Exercise directions
Provide nothing except how many lines of the data contain the word "blocks".

Working data

━━━━━━━━━━━━━━━━━━━━

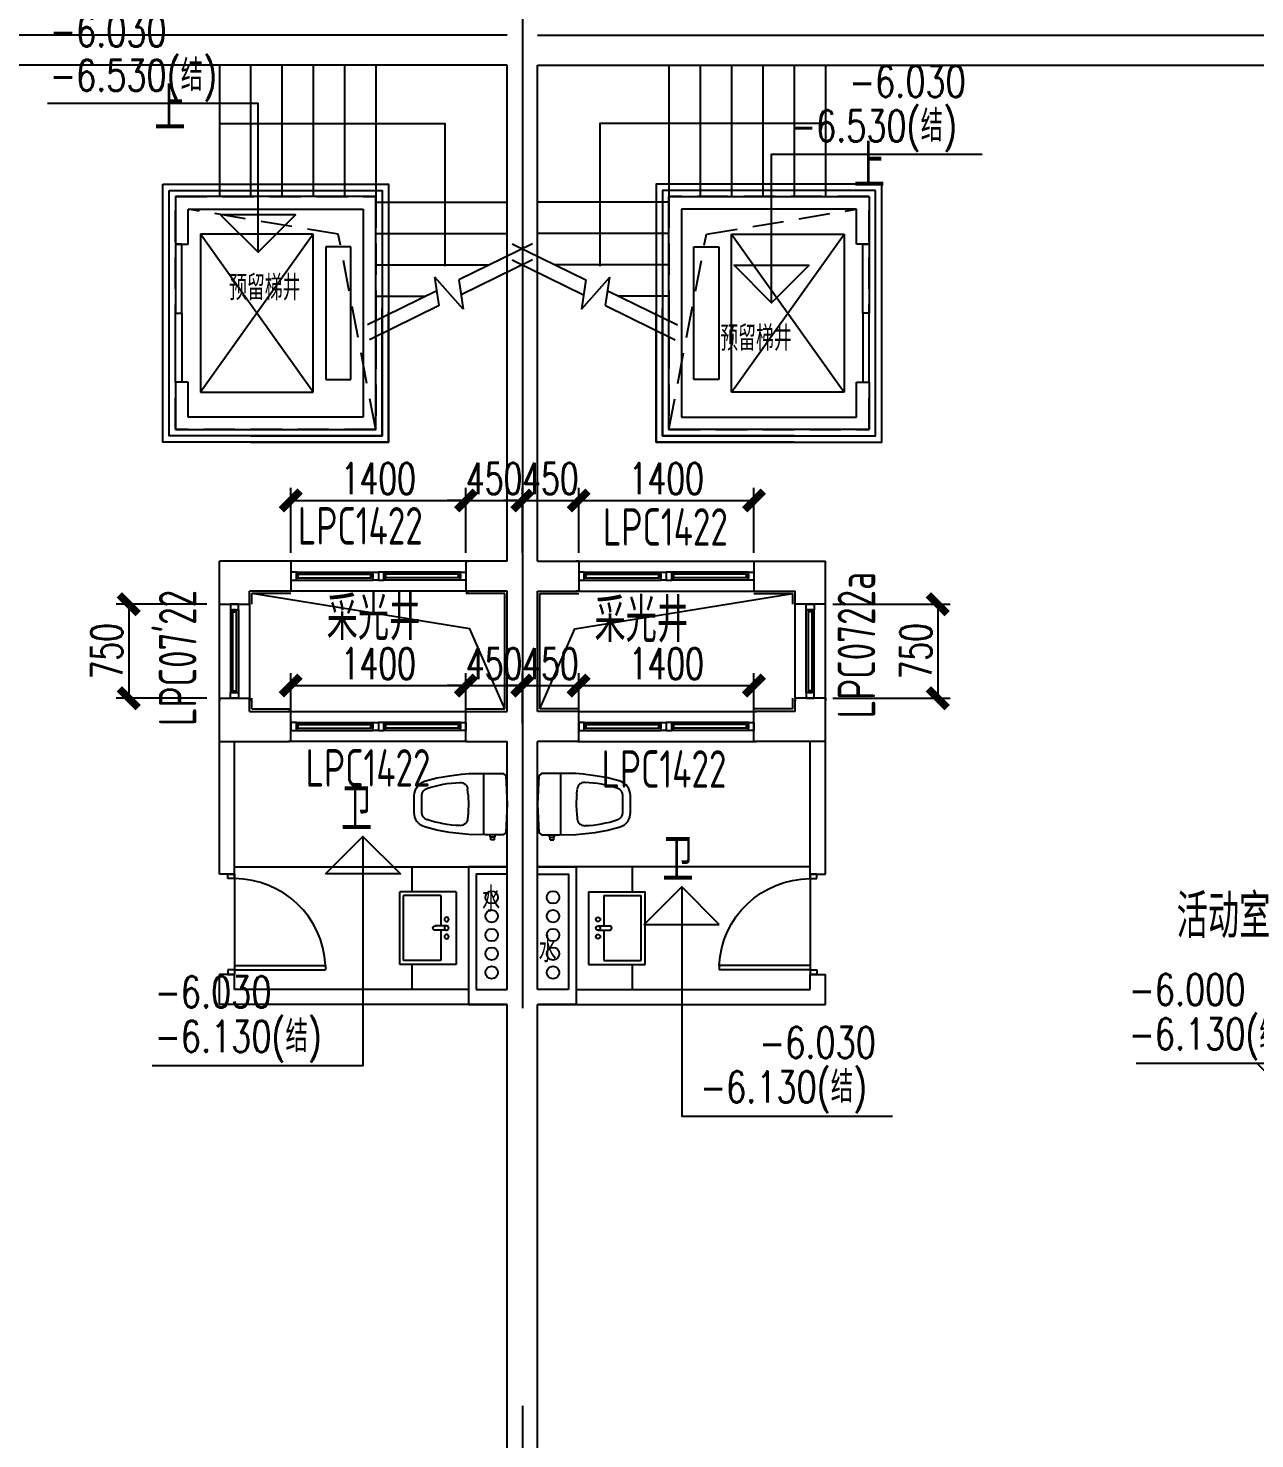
# Model space of a CAD drawing. Extents: x 296441 to 853063, y 459050 to 1117990.
# Drawn here: x 794477 to 804273, y 874442 to 885706 of the extents above; entities that cross this region are included whole.
import ezdxf

# ---------------------------------------------------------------- set-up
doc = ezdxf.new("R2010")
doc.units = 0
doc.header["$LTSCALE"] = 1000
for name, pattern in [('20-GRID$0$CENTER2', [28.575, 19.05, -3.175, 3.175, -3.175]), ('E-TEXT-BS01-20$0$HIDDEN', [0.375, 0.25, -0.125]), ('E-TEXT-BS01-MI-20$0$HIDDEN', [0.375, 0.25, -0.125]), ('E1-BS01-20$0$HIDDEN', [0.375, 0.25, -0.125])]:
    doc.linetypes.add(name, pattern=pattern)
for name, color, linetype in [('20-GRID$0$G-GRID', 8, '20-GRID$0$CENTER2'), ('20-PLAN-BS01-P$0$G-XREF', 2, 'Continuous'), ('DZ-PLAN-MAIN-FL01$0$A-WIND-IDEN', 33, 'Continuous'), ('E-TEXT-BS01-20$0$A-ANNO-LEVL', 3, 'Continuous'), ('E-TEXT-BS01-20$0$A-ANNO-LEVL-TEXT', 255, 'Continuous'), ('E-TEXT-BS01-20$0$A-HOLE', 211, 'Continuous'), ('E-TEXT-BS01-20$0$A-ROOM-IDEN', 4, 'Continuous'), ('E-TEXT-BS01-MI-20$0$A-ANNO-LEVL', 3, 'Continuous'), ('E-TEXT-BS01-MI-20$0$A-ANNO-LEVL-TEXT', 255, 'Continuous'), ('E-TEXT-BS01-MI-20$0$A-HOLE', 211, 'Continuous'), ('E-TEXT-BS01-MI-20$0$A-ROOM-IDEN', 4, 'Continuous'), ('E1-BS01-20$0$A-ANNO-ARRW', 2, 'Continuous'), ('E1-BS01-20$0$A-ANNO-SYMB', 6, 'Continuous'), ('E1-BS01-20$0$A-HOLE', 211, 'Continuous'), ('E1-BS01-20$0$A-HRAL', 5, 'Continuous'), ('E1-BS01-20$0$A-OVLK', 140, 'Continuous'), ('E1-BS01-20$0$A-STRS', 4, 'Continuous'), ('E1-BS01-20$0$A-WALL', 1, 'Continuous'), ('E1-BS01-20$0$A-WALL-FNSH', 6, 'Continuous'), ('E2-E3-FL03$0$E1-FL03$0$A-OVLK', 140, 'Continuous'), ('E2-E3-FL03$0$E1-FL03$0$A-SECT-WIND', 155, 'Continuous'), ('E2-E3-FL03$0$E1-FL03$0$A-SECT-WOOD', 17, 'Continuous'), ('E2-E3-FL03$0$E1-FL03$0$G-XREF', 2, 'Continuous'), ('G-XREF', 2, 'Continuous'), ('menchuangtao1$0$A-WALL', 1, 'Continuous'), ('ZT0_默认图层-----PM、LM、DY、JD', 7, 'Continuous'), ('ZT1_Dim---标注---PM、LM、DY、JD', 252, 'Continuous')]:
    doc.layers.add(name, color=color, linetype=linetype)
doc.layers.add('E1-BS01-20$0$A-ANNO-NPLT', color=215, linetype='Continuous', plot=False)
doc.layers.add('E1-BS01-20$0$ENTR-DETL-P$0$A-ANNO-NPLT', color=215, linetype='Continuous', plot=False)
doc.styles.add('E-TEXT-BS01-20$0$GOA_01_thin_0.75', font='romans.shx', dxfattribs={"width": 0.75, "bigfont": 'hzdx.shx'})
doc.styles.add('E-TEXT-BS01-MI-20$0$GOA_01_thin_0.75', font='romans.shx', dxfattribs={"width": 0.75, "bigfont": 'hzdx.shx'})
doc.styles.get("Standard").update_dxf_attribs({"font": 'gbenor.shx', "bigfont": 'gbcbig.shx'})
doc.styles.add('ZT-DIMSTYLE', font='ROMANS.shx', dxfattribs={"width": 0.7, "bigfont": 'CHINESE.shx'})
doc.dimstyles.new('ZT-DIM100', dxfattribs={"dimscale": 100, "dimtxt": 2.5, "dimasz": 1.5, "dimexe": 1, "dimexo": 1, "dimgap": 0.5, "dimtad": 1, "dimdec": 0, "dimdsep": 46, "dimtxsty": 'ZT-DIMSTYLE', "dimblk": 'ARCHTICK', "dimcen": 2.5, "dimclrd": 175, "dimclre": 175, "dimclrt": 7, "dimazin": 2, "dimtfac": 1, "dimtix": 1, "dimtmove": 2, "dimatfit": 3, "dimfxl": 0, "dimarcsym": 0})

# ---------------------------------------------------------------- blocks, each defined once
blk = doc.blocks.new('E1-BS01-20$0$321')
for p, q in [((-285, -102), (-285, -132)), ((-285, -102), (-264, -102)), ((-264, -97), (-245, -97)), ((-264, -97), (-264, -137)), ((-285, -132), (-264, -132)), ((-264, -137), (-245, -137)), ((-244, -188), (244, -188)), ((-77, -314), (-117, -317)), ((77, -314), (117, -317)), ((-68, -683), (68, -683))]:
    blk.add_line(p, q)
blk.add_lwpolyline([(226, -12), (0, 0), (-226, -12), (-245, -32), (-245, -178), (-243, -308), (-226, -461), (-209, -562), (-182, -661, 0.35122), (-68, -743), (68, -743, 0.322645), (182, -661), (209, -562), (226, -461), (238, -366), (243, -308), (244, -249), (244, -32)], format="xyb", close=True)
for centre, radius, start, end in [((-113, -377), 60, 94.4412, 182.1331), ((0, -1311), 1000, 85.5588, 94.4412), ((113, -377), 60, 357.8669, 85.5588), ((767, -344), 940, 182.1331, 198.4718), ((-767, -344), 940, 341.5282, 357.8669), ((-68, -623), 60, 198.4718, 270), ((68, -623), 60, 270, 341.5282)]:
    blk.add_arc(centre, radius, start, end)
blk = doc.blocks.new('E1-BS01-20$0$M1')
for p, q in [((-153, 60), (-153, 880)), ((-153, 880), (-113, 880)), ((-113, 60), (-113, 880)), ((-933, 60), (-973, 60)), ((-973, 0), (-973, 60)), ((-933, 60), (-933, 0)), ((-153, 60), (-113, 60)), ((-113, 60), (-73, 60)), ((-113, 60), (-113, 0)), ((-73, 0), (-73, 60)), ((-933, 0), (-973, 0)), ((-113, 0), (-73, 0))]:
    blk.add_line(p, q)
blk.add_arc((-113, 60), 820, 92.796, 180)
blk = doc.blocks.new('E1-BS01-20$0$B1 PLAN 1$0$SDFGSDFGSD')
for p, q in [((63782, 91479), (63782, 91029)), ((64362, 91479), (63782, 91479)), ((64362, 91479), (64362, 91029)), ((63812, 91359), (63812, 91059)), ((64055, 91359), (63812, 91359)), ((64055, 91404), (64055, 91312)), ((64090, 91404), (64090, 91312)), ((64332, 91359), (64090, 91359)), ((64332, 91359), (64332, 91059)), ((63782, 91029), (64362, 91029)), ((63812, 91059), (64332, 91059))]:
    blk.add_line(p, q)
for centre in [(64004, 91404), (64072, 91404), (64141, 91404)]:
    blk.add_circle(centre, 17.1)
blk.add_arc((64072, 91312), 17.1, 180, 0)
blk = doc.blocks.new('E-TEXT-BS01-20')
at = {"layer": 'E-TEXT-BS01-20$0$A-ANNO-LEVL'}
for points in [[(7489, 9640), (7489, 10828), (5807, 10828)], [(8327, 4976), (8327, 3145), (6644, 3145)]]:
    blk.add_lwpolyline(points, dxfattribs=at)
for points in [[(7189, 9940), (7489, 9640), (7789, 9940), (7189, 9940)], [(8027, 4676), (8327, 4976), (8627, 4676), (8027, 4676)]]:
    blk.add_lwpolyline(points, close=True, dxfattribs=at)
at = {"layer": 'E-TEXT-BS01-20$0$A-ANNO-LEVL-TEXT', "style": 'E-TEXT-BS01-20$0$GOA_01_thin_0.75', "width": 0.75}
for s, p in [('-6.030', (5827, 11283)), ('-6.530(结)', (5827, 10928)), ('-6.030', (6664, 3609)), ('-6.130(结)', (6664, 3254))]:
    blk.add_text(s, height=250, dxfattribs=at).set_placement(p)
at = {"layer": 'E-TEXT-BS01-20$0$A-HOLE', "linetype": 'E-TEXT-BS01-20$0$HIDDEN', "style": 'E-TEXT-BS01-20$0$GOA_01_thin_0.75', "width": 0.75}
for s, p in [('预留梯井', (7258, 9257)), ('水', (9279, 4374))]:
    blk.add_text(s, height=200, dxfattribs=at).set_placement(p)
at = {"layer": 'E-TEXT-BS01-20$0$A-ROOM-IDEN', "style": 'E-TEXT-BS01-20$0$GOA_01_thin_0.75', "width": 0.75}
for s, p in [('上', (6662, 10610)), ('采光井', (8037, 6544)), ('卫', (8151, 5020))]:
    blk.add_text(s, height=350, dxfattribs=at).set_placement(p)
blk = doc.blocks.new('E-TEXT-BS01-MI-20')
at = {"layer": 'E-TEXT-BS01-MI-20$0$A-ANNO-LEVL'}
for points in [[(-7609, 9682), (-7609, 10870), (-5927, 10870)], [(-8327, 5018), (-8327, 3187), (-6644, 3187)], [(-3732, 3609), (-3432, 3309), (-3132, 3609), (-4698, 3609)]]:
    blk.add_lwpolyline(points, dxfattribs=at)
for points in [[(-7309, 9982), (-7609, 9682), (-7909, 9982), (-7309, 9982)], [(-8027, 4718), (-8327, 5018), (-8627, 4718), (-8027, 4718)]]:
    blk.add_lwpolyline(points, close=True, dxfattribs=at)
at = {"layer": 'E-TEXT-BS01-MI-20$0$A-ANNO-LEVL-TEXT', "style": 'E-TEXT-BS01-MI-20$0$GOA_01_thin_0.75', "width": 0.75}
for s, p in [('-6.030', (-6991, 11325)), ('-6.530(结)', (-7463, 10970)), ('-6.000', (-4757, 4073)), ('-6.130(结)', (-4757, 3719)), ('-6.030', (-7709, 3651)), ('-6.130(结)', (-8181, 3296))]:
    blk.add_text(s, height=250, dxfattribs=at).set_placement(p)
at = {"layer": 'E-TEXT-BS01-MI-20$0$A-HOLE', "linetype": 'E-TEXT-BS01-MI-20$0$HIDDEN', "style": 'E-TEXT-BS01-MI-20$0$GOA_01_thin_0.75', "width": 0.75}
for s, p in [('预留梯井', (-8019, 9299)), ('水', (-9470, 4416))]:
    blk.add_text(s, height=200, dxfattribs=at).set_placement(p)
at = {"layer": 'E-TEXT-BS01-MI-20$0$A-ROOM-IDEN', "style": 'E-TEXT-BS01-MI-20$0$GOA_01_thin_0.75', "width": 0.75}
for s, p in [('上', (-6953, 10598)), ('采光井', (-9024, 6973)), ('卫', (-8481, 5062)), ('活动室', (-4374, 4609))]:
    blk.add_text(s, height=350, dxfattribs=at).set_placement(p)
blk = doc.blocks.new('*U428')
at = {"layer": 'E2-E3-FL03$0$E1-FL03$0$A-SECT-WIND'}
for p, q in [((45, 32.5), (655, 32.5)), ((60, 15), (640, 15)), ((45, -32.5), (655, -32.5)), ((60, -15), (640, -15))]:
    blk.add_line(p, q, dxfattribs=at)
at = {"layer": 'E2-E3-FL03$0$E1-FL03$0$A-SECT-WOOD'}
for points in [[(0, 32.5), (45, 32.5), (45, -32.5), (0, -32.5)], [(60, 15), (60, -15), (45, -15), (45, 15)], [(640, 15), (640, -15), (655, -15), (655, 15)], [(700, 32.5), (655, 32.5), (655, -32.5), (700, -32.5)]]:
    blk.add_lwpolyline(points, close=True, dxfattribs=at)
blk = doc.blocks.new('*U1722')
at = {"layer": 'E2-E3-FL03$0$E1-FL03$0$A-SECT-WIND'}
for p, q in [((45, 32), (705, 32)), ((60, 15), (690, 15)), ((45, -32), (705, -32)), ((60, -15), (690, -15))]:
    blk.add_line(p, q, dxfattribs=at)
at = {"layer": 'E2-E3-FL03$0$E1-FL03$0$A-SECT-WOOD'}
for points in [[(0, 32), (45, 32), (45, -32), (0, -32)], [(60, 15), (60, -15), (45, -15), (45, 15)], [(690, 15), (690, -15), (705, -15), (705, 15)], [(750, 32), (705, 32), (705, -32), (750, -32)]]:
    blk.add_lwpolyline(points, close=True, dxfattribs=at)
blk = doc.blocks.new('YQ121111477')
at = {"layer": '20-GRID$0$G-GRID'}
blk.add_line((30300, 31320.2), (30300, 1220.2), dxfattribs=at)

━━━━━━━━━━━━━━━━━━━━

Result of this task
9